• [What to produce]
The word "Rectangle" occurs in some lines of the data. Return each such line.

• [Available data]
BEGIN

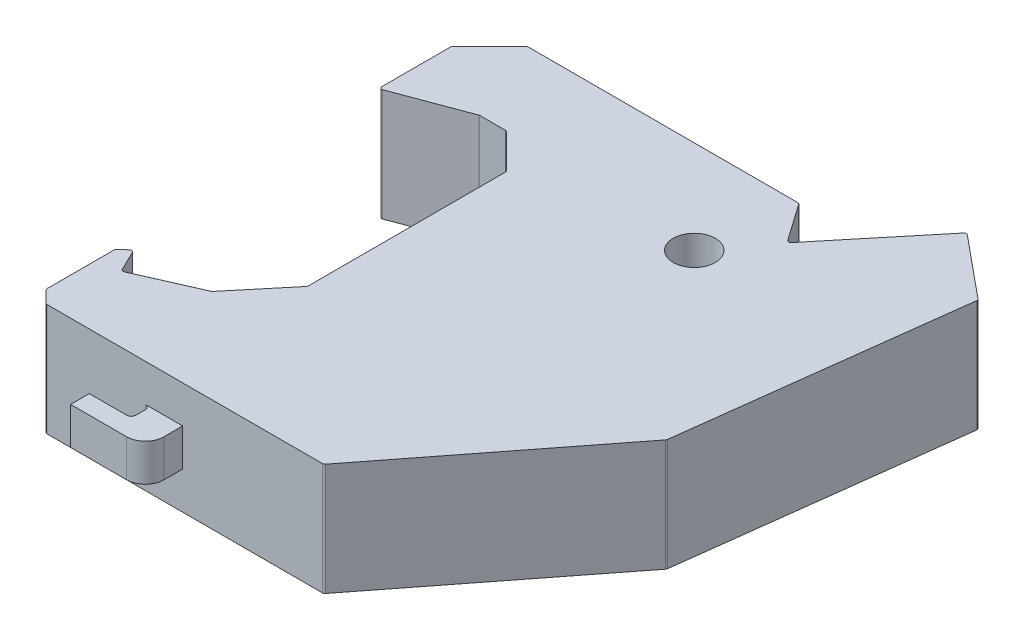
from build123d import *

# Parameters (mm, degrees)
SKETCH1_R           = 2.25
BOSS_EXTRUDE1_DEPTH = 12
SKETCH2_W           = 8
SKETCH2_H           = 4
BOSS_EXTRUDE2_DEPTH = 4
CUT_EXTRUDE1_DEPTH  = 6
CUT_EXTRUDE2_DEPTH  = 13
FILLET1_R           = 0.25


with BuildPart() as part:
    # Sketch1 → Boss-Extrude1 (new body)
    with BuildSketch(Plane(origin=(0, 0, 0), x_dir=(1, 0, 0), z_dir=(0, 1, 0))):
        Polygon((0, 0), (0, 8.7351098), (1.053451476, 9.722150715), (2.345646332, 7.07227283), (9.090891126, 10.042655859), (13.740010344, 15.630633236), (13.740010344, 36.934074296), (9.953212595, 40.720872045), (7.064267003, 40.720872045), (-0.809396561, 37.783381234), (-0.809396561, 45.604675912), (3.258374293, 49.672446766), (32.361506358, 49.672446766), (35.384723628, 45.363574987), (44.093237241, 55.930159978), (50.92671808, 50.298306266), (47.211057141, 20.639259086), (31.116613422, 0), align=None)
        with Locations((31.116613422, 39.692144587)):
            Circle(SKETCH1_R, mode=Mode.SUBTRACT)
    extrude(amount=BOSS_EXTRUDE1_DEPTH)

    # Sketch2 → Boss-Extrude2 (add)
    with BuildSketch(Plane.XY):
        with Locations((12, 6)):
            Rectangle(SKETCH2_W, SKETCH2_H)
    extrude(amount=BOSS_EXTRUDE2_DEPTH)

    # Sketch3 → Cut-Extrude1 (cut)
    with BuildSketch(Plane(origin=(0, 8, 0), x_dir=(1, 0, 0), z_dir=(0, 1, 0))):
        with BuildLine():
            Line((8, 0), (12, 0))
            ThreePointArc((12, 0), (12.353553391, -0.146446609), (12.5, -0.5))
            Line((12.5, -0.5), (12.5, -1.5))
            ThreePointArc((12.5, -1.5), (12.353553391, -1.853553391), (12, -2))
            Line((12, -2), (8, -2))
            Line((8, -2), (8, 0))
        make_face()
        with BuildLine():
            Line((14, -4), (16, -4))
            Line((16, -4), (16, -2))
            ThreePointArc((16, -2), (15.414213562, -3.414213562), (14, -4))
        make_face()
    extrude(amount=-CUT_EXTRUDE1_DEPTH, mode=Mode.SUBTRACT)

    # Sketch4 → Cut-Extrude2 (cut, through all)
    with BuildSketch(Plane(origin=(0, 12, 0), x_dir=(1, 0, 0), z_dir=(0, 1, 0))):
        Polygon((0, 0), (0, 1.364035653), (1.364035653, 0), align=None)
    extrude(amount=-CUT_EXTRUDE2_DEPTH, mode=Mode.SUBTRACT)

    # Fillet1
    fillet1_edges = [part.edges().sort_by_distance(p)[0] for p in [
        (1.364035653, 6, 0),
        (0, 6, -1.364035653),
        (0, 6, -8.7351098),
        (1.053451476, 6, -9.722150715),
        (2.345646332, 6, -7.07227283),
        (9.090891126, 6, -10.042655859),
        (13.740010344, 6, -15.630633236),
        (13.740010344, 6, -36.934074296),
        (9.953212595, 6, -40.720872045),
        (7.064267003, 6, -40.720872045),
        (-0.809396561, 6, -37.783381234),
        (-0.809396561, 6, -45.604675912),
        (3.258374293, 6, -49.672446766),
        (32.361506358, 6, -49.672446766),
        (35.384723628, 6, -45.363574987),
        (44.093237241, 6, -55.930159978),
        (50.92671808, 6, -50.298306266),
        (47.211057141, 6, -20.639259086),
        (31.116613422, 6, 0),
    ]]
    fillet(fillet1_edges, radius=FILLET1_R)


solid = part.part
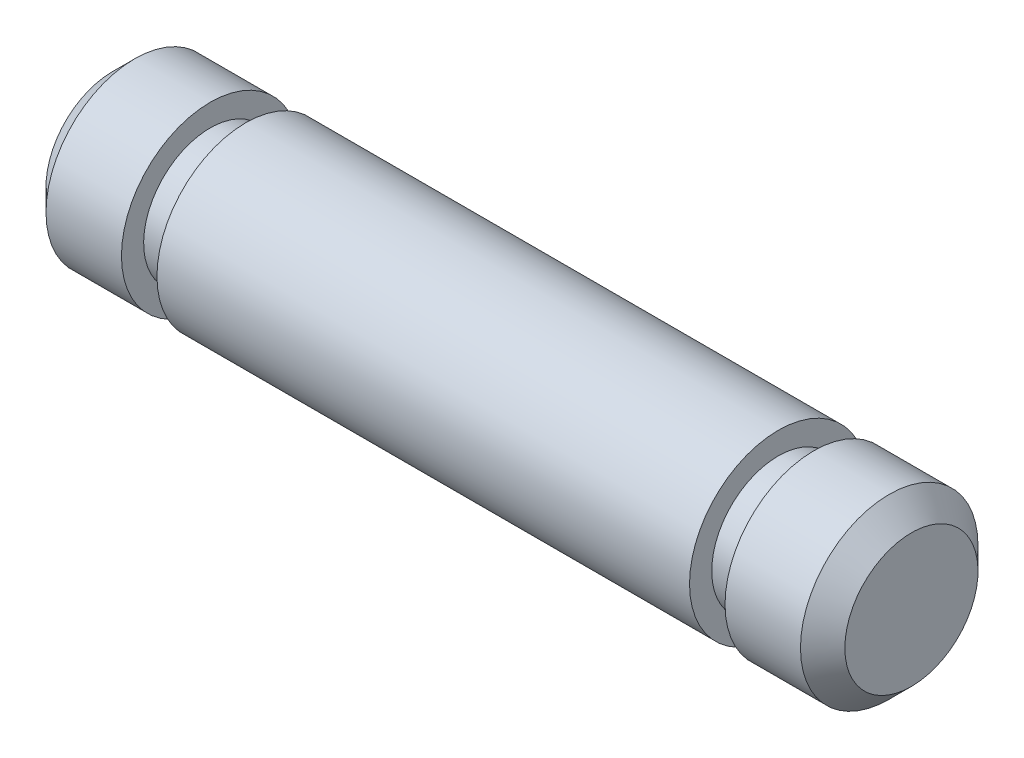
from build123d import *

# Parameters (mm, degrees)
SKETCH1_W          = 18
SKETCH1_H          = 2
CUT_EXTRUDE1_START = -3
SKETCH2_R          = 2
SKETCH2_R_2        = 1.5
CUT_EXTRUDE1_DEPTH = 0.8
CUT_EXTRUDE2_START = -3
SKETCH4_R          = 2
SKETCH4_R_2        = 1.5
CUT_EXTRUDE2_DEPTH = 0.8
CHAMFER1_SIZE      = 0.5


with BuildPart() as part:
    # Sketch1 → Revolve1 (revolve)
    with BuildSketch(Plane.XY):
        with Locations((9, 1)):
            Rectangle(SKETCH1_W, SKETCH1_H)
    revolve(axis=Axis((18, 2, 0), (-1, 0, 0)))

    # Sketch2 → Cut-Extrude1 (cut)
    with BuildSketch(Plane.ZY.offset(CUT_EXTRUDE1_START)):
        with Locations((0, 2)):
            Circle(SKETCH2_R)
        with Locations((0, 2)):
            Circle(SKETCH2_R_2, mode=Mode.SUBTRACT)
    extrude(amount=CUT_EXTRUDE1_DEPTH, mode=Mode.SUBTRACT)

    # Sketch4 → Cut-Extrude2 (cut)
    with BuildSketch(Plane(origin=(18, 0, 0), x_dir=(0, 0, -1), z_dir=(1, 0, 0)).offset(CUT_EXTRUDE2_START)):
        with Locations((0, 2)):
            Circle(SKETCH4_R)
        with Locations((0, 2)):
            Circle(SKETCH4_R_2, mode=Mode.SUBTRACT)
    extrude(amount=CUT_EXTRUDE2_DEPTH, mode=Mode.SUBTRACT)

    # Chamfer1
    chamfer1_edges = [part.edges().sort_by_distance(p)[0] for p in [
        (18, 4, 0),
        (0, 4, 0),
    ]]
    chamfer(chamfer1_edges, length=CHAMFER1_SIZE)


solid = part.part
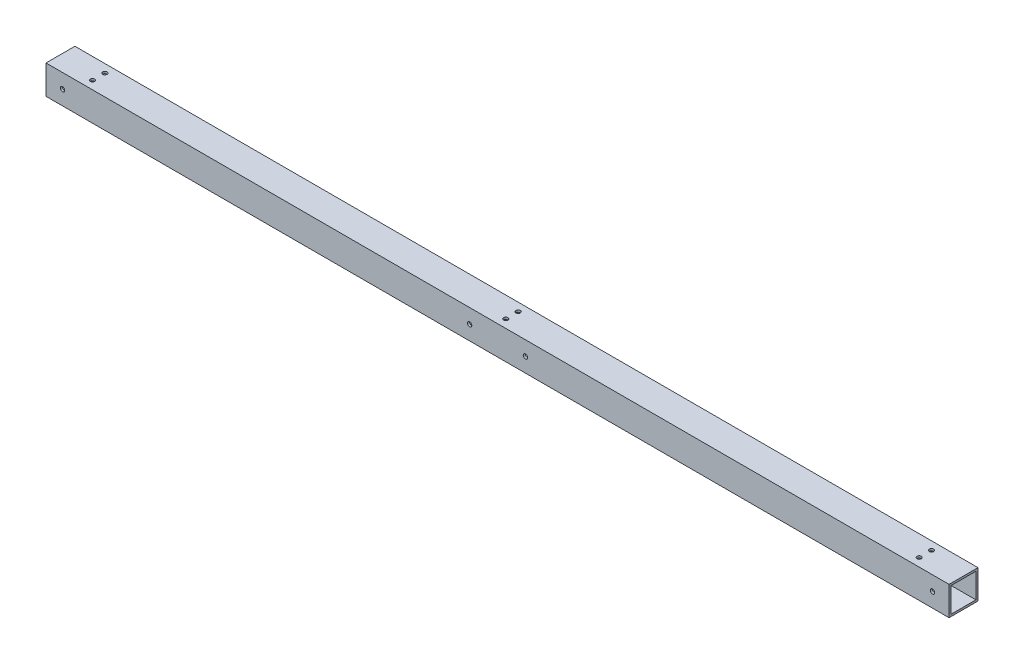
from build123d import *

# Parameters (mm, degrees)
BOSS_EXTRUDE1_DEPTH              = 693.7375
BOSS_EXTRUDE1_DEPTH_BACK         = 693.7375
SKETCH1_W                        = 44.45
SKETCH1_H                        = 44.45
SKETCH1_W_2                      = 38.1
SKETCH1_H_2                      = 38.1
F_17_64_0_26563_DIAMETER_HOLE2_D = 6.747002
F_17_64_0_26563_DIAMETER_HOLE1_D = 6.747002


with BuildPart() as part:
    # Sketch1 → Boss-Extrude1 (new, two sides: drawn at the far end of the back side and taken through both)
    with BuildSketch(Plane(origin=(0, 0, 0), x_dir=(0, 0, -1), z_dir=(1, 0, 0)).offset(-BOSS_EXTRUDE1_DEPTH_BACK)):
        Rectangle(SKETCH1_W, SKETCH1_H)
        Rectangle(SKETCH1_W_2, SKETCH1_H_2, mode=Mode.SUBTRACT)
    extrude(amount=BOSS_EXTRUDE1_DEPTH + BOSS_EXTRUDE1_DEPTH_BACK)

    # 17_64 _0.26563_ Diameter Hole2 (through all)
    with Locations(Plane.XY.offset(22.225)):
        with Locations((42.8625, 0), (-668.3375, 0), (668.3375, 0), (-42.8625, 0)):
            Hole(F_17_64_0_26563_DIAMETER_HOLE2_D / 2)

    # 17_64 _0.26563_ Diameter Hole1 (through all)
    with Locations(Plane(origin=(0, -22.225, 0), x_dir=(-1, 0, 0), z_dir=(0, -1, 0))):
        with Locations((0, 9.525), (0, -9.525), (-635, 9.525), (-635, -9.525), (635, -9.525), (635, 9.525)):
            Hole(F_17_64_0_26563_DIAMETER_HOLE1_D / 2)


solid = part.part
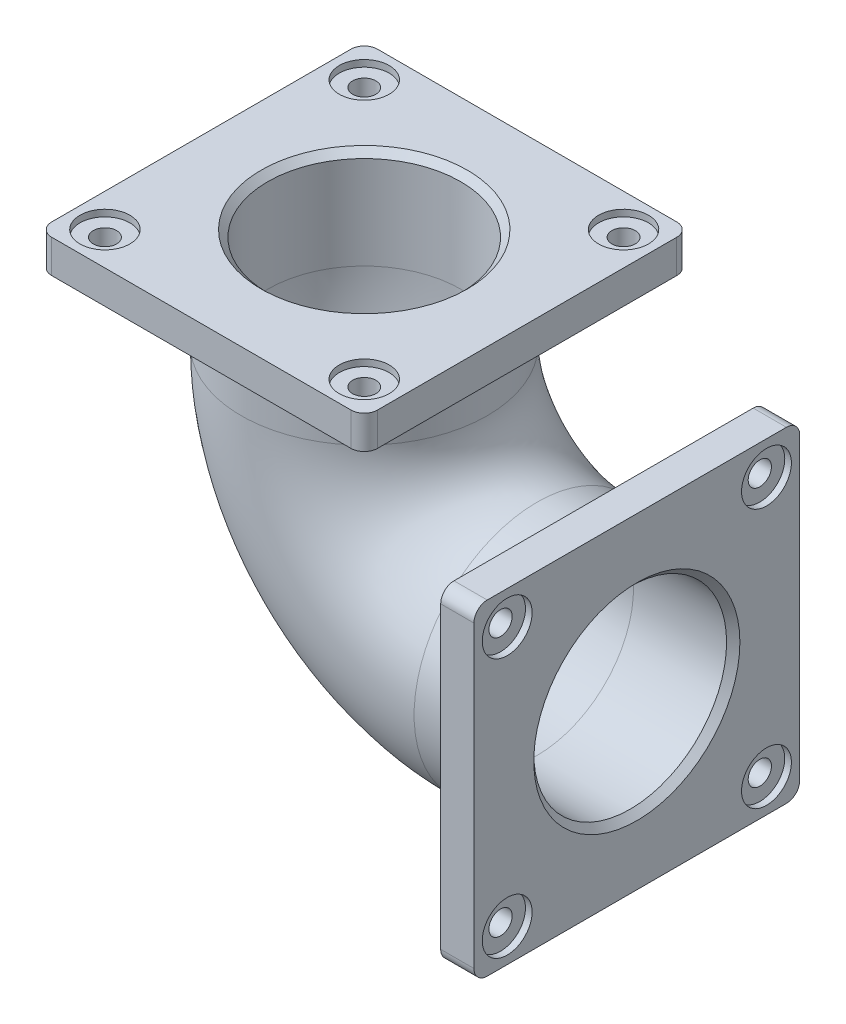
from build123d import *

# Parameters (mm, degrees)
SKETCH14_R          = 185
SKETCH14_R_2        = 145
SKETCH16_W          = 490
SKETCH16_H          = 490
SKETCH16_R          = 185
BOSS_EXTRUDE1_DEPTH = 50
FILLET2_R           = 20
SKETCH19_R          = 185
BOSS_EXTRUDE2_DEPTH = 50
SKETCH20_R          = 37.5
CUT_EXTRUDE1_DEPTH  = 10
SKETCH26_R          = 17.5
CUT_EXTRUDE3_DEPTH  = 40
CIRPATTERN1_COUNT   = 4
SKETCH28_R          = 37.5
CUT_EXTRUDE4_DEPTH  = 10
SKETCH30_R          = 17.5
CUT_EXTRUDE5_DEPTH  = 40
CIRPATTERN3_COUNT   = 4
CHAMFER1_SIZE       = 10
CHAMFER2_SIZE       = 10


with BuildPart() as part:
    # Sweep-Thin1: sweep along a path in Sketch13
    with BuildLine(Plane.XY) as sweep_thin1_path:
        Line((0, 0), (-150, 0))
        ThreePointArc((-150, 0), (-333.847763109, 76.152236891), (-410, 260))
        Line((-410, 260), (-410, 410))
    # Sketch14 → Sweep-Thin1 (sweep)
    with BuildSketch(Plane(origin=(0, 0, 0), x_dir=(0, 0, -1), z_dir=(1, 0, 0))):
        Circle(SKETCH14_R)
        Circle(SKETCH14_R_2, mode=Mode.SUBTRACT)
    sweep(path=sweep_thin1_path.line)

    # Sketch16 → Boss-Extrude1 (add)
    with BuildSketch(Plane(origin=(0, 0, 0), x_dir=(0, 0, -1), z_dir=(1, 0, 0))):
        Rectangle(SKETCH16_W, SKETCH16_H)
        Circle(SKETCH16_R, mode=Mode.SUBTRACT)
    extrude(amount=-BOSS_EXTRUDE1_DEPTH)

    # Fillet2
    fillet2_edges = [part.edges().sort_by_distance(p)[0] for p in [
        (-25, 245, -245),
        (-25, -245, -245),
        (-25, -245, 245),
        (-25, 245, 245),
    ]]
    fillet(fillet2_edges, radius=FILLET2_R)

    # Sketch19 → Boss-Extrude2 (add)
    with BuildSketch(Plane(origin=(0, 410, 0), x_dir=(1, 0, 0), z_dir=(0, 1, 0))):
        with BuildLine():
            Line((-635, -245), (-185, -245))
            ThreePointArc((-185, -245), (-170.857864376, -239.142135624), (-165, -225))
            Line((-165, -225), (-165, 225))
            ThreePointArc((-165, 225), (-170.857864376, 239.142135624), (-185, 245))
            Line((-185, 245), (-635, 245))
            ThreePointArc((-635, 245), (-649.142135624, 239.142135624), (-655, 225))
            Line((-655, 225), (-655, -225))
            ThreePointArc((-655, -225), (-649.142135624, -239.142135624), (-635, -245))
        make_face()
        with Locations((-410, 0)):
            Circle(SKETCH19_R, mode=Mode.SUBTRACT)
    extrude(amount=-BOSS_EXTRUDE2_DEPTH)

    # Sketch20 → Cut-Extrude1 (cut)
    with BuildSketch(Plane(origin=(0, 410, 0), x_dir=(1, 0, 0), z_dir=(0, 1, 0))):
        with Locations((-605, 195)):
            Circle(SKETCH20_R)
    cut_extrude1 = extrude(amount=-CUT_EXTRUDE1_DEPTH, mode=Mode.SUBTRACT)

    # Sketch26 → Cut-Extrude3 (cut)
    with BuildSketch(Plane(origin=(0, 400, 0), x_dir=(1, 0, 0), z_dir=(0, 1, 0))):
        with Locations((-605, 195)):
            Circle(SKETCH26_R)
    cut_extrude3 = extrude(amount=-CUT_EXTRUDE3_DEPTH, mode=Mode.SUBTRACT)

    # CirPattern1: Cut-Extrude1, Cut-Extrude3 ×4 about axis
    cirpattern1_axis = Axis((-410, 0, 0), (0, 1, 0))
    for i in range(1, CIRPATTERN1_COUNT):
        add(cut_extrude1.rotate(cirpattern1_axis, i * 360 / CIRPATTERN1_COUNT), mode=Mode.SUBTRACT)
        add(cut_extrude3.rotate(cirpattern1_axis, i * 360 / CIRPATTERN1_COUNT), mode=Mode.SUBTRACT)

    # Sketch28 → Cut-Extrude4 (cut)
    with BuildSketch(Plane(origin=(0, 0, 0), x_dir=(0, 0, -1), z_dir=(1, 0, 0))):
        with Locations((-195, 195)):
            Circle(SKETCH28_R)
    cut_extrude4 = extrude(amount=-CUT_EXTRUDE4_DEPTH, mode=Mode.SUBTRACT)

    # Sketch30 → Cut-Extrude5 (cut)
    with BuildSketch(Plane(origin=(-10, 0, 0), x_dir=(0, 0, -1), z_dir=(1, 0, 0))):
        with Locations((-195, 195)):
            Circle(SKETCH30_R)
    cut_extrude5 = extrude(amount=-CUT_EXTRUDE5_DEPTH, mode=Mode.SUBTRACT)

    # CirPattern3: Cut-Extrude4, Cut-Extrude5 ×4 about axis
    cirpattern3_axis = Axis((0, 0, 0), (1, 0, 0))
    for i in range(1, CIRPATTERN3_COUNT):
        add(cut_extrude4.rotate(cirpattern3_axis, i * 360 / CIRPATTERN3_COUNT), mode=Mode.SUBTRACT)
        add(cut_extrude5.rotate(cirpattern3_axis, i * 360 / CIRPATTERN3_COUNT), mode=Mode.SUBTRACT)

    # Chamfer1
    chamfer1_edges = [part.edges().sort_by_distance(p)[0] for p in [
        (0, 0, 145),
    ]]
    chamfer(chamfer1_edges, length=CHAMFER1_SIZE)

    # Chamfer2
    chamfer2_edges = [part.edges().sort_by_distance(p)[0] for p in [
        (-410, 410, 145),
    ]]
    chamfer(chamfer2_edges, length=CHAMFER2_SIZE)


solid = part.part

END

• [Written answer]
            Rectangle(SKETCH2_W, SKETCH2_H)
            Rectangle(SKETCH1_W, SKETCH1_H)
        Rectangle(SKETCH1_W, SKETCH1_H)
        Rectangle(SKETCH1_W_2, SKETCH1_H_2, mode=Mode.SUBTRACT)
        Rectangle(SKETCH16_W, SKETCH16_H)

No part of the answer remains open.